**Task requirements**
Please give back only the lines below from the one containing "#191=CARTESIAN_POINT('',(308.999999999999,0.,50.));" to the one containing "#227=DIRECTION('',(0.,0.,1.));", each repeated word for word, both ends included.

─── Available data

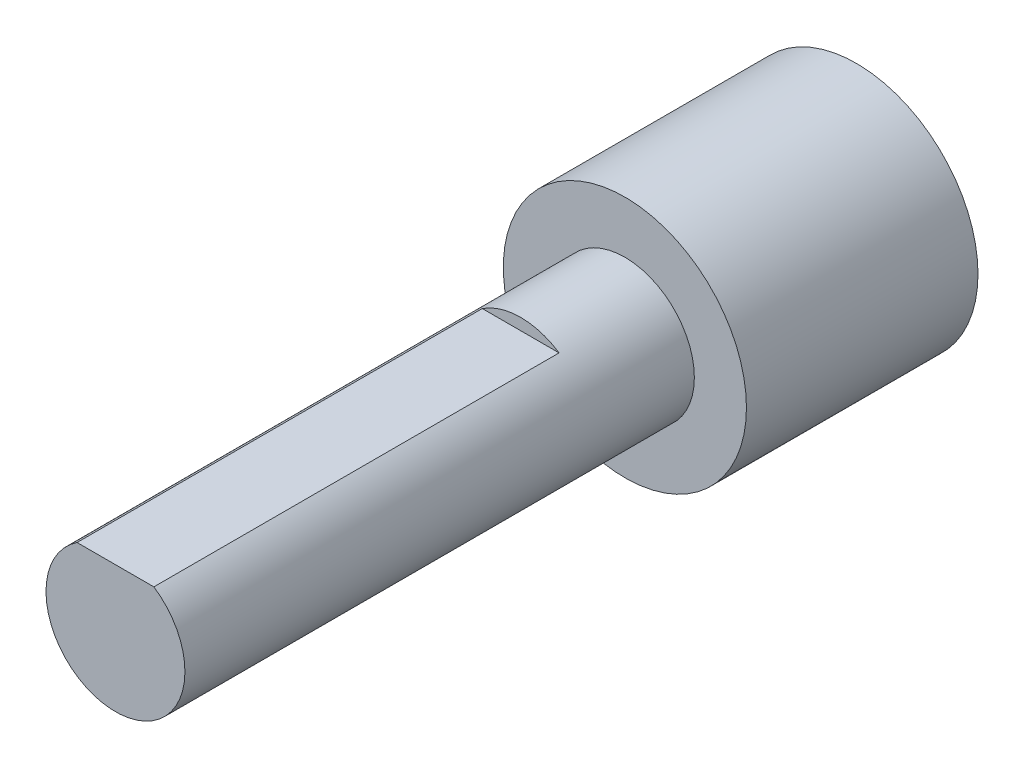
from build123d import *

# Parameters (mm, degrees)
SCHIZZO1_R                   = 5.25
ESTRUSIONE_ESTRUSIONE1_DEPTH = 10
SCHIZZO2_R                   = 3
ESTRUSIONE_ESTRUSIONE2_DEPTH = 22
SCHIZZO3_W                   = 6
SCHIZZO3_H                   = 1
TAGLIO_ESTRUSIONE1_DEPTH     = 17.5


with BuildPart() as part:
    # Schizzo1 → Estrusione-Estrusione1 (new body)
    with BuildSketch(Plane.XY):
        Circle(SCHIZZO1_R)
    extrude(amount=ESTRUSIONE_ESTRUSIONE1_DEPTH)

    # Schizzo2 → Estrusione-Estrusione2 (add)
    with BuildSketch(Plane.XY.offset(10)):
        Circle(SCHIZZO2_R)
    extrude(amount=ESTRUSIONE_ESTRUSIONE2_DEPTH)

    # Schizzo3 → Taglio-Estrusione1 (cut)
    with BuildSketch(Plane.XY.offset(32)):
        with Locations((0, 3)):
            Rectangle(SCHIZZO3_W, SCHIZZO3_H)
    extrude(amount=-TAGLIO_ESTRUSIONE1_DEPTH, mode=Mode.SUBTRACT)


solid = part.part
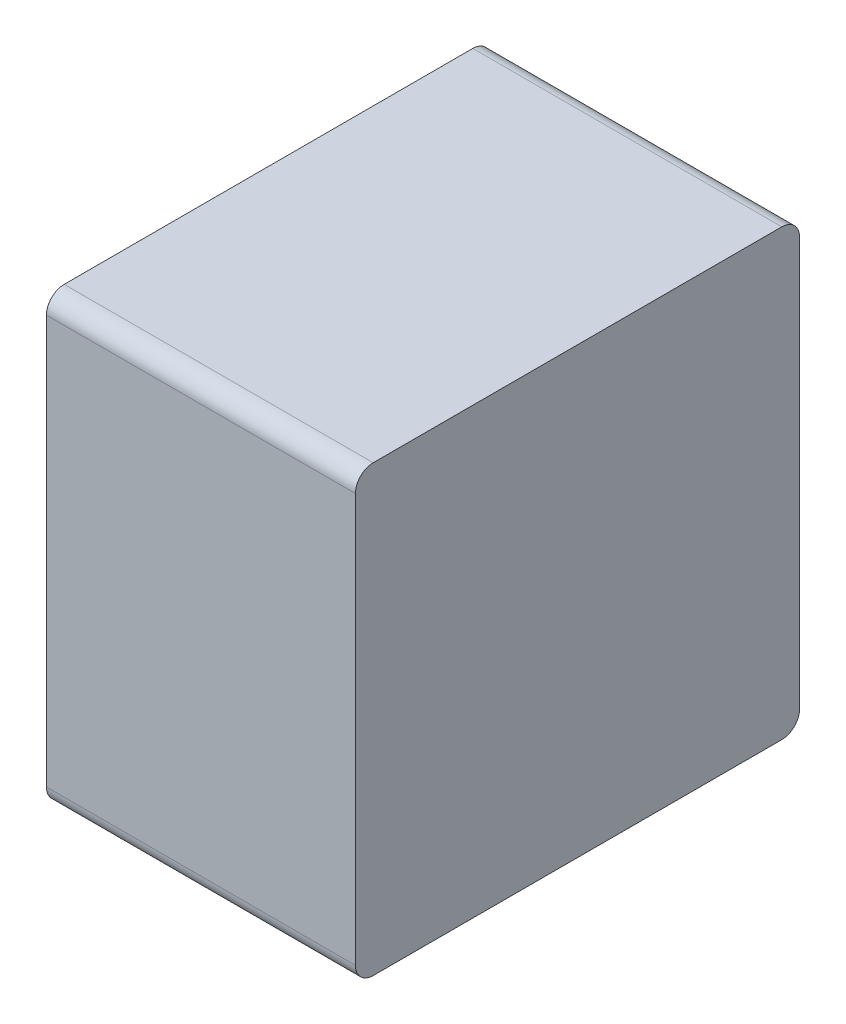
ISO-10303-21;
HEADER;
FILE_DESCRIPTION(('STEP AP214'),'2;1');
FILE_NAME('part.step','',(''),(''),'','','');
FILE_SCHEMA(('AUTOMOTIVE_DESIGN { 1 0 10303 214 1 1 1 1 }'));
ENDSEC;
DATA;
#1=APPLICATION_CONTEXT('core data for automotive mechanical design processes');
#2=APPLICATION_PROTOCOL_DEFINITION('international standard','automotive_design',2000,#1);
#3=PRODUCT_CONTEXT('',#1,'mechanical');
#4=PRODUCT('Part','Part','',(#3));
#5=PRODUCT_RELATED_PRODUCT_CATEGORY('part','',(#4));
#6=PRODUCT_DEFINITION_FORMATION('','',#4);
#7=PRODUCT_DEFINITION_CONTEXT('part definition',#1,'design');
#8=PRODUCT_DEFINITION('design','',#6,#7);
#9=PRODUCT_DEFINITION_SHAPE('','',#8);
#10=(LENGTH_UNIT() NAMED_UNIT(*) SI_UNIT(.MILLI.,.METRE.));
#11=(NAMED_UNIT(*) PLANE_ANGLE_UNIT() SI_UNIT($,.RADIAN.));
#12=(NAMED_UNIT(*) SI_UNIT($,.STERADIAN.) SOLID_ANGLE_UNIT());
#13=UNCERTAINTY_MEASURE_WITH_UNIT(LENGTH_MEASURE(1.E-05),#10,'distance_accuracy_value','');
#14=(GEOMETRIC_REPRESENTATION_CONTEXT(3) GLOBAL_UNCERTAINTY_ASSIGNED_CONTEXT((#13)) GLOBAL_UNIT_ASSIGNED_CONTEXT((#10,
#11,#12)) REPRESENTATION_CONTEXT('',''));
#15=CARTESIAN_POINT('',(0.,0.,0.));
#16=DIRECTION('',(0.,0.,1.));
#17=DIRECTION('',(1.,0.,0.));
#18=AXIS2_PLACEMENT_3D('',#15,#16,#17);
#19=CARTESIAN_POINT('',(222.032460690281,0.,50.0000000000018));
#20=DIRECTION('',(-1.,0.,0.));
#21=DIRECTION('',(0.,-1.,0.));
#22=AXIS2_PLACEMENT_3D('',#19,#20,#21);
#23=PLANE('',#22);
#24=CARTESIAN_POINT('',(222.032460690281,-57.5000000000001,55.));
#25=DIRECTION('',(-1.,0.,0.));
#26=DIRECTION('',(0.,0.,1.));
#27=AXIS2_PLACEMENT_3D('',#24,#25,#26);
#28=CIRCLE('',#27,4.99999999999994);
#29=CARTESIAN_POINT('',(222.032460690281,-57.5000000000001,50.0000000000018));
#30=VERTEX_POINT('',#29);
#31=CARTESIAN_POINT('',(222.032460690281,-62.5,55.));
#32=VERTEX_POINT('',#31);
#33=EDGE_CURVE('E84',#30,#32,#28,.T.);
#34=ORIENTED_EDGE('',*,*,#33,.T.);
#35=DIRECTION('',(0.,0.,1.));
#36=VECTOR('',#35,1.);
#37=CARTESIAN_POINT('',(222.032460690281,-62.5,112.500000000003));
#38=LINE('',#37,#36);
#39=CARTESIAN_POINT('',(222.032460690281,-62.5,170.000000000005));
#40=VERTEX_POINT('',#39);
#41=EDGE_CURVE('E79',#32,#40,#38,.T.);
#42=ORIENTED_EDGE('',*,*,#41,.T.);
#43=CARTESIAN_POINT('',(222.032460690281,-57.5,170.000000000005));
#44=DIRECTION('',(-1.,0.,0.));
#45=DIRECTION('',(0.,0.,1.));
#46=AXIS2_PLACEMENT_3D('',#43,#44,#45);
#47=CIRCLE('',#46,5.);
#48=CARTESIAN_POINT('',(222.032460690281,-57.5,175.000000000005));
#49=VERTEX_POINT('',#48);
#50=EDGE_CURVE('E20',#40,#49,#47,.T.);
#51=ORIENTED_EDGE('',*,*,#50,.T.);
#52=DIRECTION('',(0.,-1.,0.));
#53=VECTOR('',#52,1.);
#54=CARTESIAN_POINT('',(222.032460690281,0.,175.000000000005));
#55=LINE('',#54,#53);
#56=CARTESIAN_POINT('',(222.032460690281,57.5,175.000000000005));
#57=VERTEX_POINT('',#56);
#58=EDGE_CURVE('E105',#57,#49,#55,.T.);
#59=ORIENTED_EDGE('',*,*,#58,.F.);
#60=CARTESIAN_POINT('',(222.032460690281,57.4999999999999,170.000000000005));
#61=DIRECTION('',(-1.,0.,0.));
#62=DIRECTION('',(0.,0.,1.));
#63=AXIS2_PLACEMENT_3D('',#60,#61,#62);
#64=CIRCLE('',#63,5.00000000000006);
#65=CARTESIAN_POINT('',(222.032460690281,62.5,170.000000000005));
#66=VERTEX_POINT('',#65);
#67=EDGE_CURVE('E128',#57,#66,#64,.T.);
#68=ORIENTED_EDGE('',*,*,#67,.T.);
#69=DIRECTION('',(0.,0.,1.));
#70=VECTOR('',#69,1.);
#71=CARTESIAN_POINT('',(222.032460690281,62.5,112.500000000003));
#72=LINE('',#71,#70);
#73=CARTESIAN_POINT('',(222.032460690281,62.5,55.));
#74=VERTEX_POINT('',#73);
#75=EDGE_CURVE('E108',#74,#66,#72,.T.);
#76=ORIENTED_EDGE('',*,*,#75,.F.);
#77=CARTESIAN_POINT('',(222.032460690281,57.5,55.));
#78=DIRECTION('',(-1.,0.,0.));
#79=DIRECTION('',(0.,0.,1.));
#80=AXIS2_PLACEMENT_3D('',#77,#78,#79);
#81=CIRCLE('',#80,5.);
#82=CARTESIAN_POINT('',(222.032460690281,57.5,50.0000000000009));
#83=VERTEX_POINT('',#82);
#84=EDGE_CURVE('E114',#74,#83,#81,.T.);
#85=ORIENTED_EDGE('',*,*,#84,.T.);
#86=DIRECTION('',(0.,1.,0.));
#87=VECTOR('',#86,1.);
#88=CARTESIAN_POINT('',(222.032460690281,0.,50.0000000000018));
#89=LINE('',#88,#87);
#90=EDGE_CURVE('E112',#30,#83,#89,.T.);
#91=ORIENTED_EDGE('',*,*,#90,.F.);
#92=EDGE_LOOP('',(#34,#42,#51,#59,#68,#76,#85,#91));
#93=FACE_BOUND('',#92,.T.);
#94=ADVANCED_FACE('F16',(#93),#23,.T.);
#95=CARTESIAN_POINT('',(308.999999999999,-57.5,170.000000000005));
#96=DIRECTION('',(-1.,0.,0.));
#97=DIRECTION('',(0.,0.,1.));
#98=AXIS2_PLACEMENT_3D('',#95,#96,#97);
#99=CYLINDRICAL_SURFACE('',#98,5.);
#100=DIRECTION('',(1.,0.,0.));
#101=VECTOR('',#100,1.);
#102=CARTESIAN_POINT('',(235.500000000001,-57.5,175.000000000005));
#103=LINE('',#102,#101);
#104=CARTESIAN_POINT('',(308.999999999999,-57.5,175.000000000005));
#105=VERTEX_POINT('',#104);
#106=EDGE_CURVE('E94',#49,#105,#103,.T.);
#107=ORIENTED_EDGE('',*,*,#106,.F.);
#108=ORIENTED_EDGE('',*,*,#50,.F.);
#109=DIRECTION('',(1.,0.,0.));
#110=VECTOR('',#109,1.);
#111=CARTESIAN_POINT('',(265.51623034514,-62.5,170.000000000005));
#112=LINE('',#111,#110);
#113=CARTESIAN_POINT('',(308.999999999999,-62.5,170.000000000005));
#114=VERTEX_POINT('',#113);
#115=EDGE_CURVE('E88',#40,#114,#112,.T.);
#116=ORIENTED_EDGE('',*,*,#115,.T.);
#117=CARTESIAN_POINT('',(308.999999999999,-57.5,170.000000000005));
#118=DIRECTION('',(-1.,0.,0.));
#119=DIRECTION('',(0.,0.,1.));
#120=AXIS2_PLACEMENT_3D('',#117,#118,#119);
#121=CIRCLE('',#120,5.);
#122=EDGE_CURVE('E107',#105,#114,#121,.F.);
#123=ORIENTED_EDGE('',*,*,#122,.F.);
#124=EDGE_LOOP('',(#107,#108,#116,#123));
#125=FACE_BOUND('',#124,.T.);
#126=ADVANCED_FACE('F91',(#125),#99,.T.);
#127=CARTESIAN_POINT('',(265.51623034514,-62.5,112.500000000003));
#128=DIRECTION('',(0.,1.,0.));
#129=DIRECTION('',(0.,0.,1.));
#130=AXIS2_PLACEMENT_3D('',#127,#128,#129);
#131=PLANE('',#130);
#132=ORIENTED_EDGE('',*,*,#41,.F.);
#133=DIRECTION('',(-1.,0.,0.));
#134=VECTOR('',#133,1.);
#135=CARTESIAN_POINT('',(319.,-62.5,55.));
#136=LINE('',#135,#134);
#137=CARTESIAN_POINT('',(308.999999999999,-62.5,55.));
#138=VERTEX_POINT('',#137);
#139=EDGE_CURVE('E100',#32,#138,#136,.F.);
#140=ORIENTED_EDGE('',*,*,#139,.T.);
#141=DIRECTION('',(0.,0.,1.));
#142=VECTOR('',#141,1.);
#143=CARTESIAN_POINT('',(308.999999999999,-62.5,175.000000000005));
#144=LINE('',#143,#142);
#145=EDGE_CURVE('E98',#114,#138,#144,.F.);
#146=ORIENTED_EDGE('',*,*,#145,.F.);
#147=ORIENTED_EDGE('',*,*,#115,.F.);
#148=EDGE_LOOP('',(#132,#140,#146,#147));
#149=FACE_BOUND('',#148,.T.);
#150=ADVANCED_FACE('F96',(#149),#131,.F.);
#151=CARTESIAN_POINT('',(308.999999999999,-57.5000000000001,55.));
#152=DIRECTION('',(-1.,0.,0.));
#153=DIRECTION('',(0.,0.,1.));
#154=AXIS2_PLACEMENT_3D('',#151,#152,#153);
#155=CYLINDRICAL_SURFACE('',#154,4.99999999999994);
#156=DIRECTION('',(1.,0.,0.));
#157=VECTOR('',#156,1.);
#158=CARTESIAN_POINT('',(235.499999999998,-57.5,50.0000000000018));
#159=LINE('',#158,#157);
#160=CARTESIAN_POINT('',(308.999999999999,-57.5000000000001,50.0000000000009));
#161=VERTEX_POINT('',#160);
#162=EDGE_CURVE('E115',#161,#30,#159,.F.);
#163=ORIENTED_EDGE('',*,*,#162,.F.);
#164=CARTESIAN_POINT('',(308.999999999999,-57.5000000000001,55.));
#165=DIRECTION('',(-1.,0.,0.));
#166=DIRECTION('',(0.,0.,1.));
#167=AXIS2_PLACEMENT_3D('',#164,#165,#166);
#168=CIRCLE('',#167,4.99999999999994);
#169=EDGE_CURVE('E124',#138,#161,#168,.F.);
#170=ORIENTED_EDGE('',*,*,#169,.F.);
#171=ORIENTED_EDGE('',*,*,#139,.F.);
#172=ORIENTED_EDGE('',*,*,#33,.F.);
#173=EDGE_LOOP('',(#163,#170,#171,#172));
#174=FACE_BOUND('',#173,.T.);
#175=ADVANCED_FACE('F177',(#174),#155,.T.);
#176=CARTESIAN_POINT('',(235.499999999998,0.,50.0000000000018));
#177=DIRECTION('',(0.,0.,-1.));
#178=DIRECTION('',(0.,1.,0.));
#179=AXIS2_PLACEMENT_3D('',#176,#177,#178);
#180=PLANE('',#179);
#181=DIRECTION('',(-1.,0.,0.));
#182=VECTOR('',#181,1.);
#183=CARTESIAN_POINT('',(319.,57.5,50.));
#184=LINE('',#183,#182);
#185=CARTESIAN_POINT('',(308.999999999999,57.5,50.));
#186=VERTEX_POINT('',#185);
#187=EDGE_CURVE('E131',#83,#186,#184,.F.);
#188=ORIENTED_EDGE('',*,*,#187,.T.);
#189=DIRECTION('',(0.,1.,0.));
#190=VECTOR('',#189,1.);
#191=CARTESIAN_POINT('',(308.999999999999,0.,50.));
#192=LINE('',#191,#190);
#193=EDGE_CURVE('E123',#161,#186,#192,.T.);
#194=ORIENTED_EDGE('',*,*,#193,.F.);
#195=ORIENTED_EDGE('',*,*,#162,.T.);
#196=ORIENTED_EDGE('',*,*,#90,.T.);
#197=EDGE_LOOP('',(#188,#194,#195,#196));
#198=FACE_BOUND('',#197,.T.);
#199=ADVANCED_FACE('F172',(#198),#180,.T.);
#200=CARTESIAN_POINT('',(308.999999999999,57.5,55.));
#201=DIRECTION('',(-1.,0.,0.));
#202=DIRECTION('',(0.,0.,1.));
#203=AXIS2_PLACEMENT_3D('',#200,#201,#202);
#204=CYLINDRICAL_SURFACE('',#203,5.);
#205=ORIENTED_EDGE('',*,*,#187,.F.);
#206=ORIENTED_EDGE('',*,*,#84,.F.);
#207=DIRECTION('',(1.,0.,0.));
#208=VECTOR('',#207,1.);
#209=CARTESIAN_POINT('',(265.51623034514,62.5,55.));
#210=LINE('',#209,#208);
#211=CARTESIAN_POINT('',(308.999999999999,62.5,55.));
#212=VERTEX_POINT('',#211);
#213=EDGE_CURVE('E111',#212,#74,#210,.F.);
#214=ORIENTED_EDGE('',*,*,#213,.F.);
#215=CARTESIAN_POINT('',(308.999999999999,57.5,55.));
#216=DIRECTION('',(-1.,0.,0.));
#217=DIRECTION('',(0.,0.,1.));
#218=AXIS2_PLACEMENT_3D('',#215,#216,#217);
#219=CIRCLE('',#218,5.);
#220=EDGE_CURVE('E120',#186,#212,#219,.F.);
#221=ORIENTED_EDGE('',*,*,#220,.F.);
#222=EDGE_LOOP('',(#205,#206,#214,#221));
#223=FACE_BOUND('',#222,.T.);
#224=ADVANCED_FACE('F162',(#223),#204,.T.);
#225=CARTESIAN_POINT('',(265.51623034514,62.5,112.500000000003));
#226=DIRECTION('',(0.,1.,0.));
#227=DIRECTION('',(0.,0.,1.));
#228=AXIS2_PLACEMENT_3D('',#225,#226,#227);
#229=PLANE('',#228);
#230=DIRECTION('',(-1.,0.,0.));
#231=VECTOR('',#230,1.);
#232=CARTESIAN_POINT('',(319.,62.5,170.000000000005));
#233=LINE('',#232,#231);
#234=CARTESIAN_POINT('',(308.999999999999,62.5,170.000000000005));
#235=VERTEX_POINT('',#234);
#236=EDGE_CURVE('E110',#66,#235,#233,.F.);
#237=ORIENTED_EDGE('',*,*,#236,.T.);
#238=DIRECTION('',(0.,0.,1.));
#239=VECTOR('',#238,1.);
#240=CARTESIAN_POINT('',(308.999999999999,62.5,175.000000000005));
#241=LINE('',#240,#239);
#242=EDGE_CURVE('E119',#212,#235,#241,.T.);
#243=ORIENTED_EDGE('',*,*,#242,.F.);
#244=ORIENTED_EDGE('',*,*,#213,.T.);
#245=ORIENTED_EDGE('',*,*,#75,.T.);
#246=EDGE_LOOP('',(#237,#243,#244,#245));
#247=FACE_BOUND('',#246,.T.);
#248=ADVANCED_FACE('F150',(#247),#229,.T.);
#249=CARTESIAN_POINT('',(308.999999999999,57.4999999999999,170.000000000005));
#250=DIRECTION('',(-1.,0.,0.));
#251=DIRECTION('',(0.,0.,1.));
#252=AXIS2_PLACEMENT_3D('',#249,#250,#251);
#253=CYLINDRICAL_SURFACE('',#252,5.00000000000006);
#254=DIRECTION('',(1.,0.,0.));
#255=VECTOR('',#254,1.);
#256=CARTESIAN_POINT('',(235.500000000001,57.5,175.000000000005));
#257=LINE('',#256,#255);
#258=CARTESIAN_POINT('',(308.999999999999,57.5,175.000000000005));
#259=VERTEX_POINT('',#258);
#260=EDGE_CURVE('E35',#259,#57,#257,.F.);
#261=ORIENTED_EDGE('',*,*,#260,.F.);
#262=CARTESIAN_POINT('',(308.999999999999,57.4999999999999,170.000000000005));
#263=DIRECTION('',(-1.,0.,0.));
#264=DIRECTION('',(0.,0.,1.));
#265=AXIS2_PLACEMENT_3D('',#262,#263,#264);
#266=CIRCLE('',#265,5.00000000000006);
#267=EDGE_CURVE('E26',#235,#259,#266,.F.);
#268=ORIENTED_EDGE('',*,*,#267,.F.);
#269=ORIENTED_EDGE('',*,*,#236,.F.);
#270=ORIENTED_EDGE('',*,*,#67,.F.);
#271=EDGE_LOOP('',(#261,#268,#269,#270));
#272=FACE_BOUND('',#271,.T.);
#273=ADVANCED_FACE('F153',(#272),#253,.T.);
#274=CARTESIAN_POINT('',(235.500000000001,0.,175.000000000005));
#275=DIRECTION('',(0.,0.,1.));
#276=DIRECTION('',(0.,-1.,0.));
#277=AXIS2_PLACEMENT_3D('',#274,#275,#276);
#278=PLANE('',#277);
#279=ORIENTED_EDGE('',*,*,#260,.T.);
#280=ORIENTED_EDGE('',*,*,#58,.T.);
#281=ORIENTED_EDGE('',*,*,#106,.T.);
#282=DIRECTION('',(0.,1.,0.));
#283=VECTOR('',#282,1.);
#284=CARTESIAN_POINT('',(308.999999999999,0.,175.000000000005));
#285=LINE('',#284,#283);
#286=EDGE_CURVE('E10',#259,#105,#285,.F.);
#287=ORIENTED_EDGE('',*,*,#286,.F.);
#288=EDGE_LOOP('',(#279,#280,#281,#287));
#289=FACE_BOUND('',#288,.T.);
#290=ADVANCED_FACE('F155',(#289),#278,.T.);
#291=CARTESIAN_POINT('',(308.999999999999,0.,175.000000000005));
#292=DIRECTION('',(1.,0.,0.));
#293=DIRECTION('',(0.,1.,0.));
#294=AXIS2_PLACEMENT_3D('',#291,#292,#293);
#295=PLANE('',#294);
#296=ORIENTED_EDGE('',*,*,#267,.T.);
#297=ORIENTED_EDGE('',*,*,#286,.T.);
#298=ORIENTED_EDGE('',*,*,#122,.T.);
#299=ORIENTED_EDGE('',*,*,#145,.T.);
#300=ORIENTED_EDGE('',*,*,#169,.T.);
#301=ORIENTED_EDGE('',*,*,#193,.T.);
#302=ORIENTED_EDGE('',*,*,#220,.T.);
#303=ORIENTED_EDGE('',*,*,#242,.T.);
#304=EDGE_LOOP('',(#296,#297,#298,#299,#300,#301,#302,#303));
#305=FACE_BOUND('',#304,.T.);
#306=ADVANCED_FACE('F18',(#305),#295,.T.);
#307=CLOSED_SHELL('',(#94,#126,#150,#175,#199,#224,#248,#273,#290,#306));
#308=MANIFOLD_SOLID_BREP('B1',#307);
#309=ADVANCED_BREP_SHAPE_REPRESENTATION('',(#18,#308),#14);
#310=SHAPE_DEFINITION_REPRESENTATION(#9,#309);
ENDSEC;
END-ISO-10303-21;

──────

**Output for this task**
#191=CARTESIAN_POINT('',(308.999999999999,0.,50.));
#192=LINE('',#191,#190);
#193=EDGE_CURVE('E123',#161,#186,#192,.T.);
#194=ORIENTED_EDGE('',*,*,#193,.F.);
#195=ORIENTED_EDGE('',*,*,#162,.T.);
#196=ORIENTED_EDGE('',*,*,#90,.T.);
#197=EDGE_LOOP('',(#188,#194,#195,#196));
#198=FACE_BOUND('',#197,.T.);
#199=ADVANCED_FACE('F172',(#198),#180,.T.);
#200=CARTESIAN_POINT('',(308.999999999999,57.5,55.));
#201=DIRECTION('',(-1.,0.,0.));
#202=DIRECTION('',(0.,0.,1.));
#203=AXIS2_PLACEMENT_3D('',#200,#201,#202);
#204=CYLINDRICAL_SURFACE('',#203,5.);
#205=ORIENTED_EDGE('',*,*,#187,.F.);
#206=ORIENTED_EDGE('',*,*,#84,.F.);
#207=DIRECTION('',(1.,0.,0.));
#208=VECTOR('',#207,1.);
#209=CARTESIAN_POINT('',(265.51623034514,62.5,55.));
#210=LINE('',#209,#208);
#211=CARTESIAN_POINT('',(308.999999999999,62.5,55.));
#212=VERTEX_POINT('',#211);
#213=EDGE_CURVE('E111',#212,#74,#210,.F.);
#214=ORIENTED_EDGE('',*,*,#213,.F.);
#215=CARTESIAN_POINT('',(308.999999999999,57.5,55.));
#216=DIRECTION('',(-1.,0.,0.));
#217=DIRECTION('',(0.,0.,1.));
#218=AXIS2_PLACEMENT_3D('',#215,#216,#217);
#219=CIRCLE('',#218,5.);
#220=EDGE_CURVE('E120',#186,#212,#219,.F.);
#221=ORIENTED_EDGE('',*,*,#220,.F.);
#222=EDGE_LOOP('',(#205,#206,#214,#221));
#223=FACE_BOUND('',#222,.T.);
#224=ADVANCED_FACE('F162',(#223),#204,.T.);
#225=CARTESIAN_POINT('',(265.51623034514,62.5,112.500000000003));
#226=DIRECTION('',(0.,1.,0.));
#227=DIRECTION('',(0.,0.,1.));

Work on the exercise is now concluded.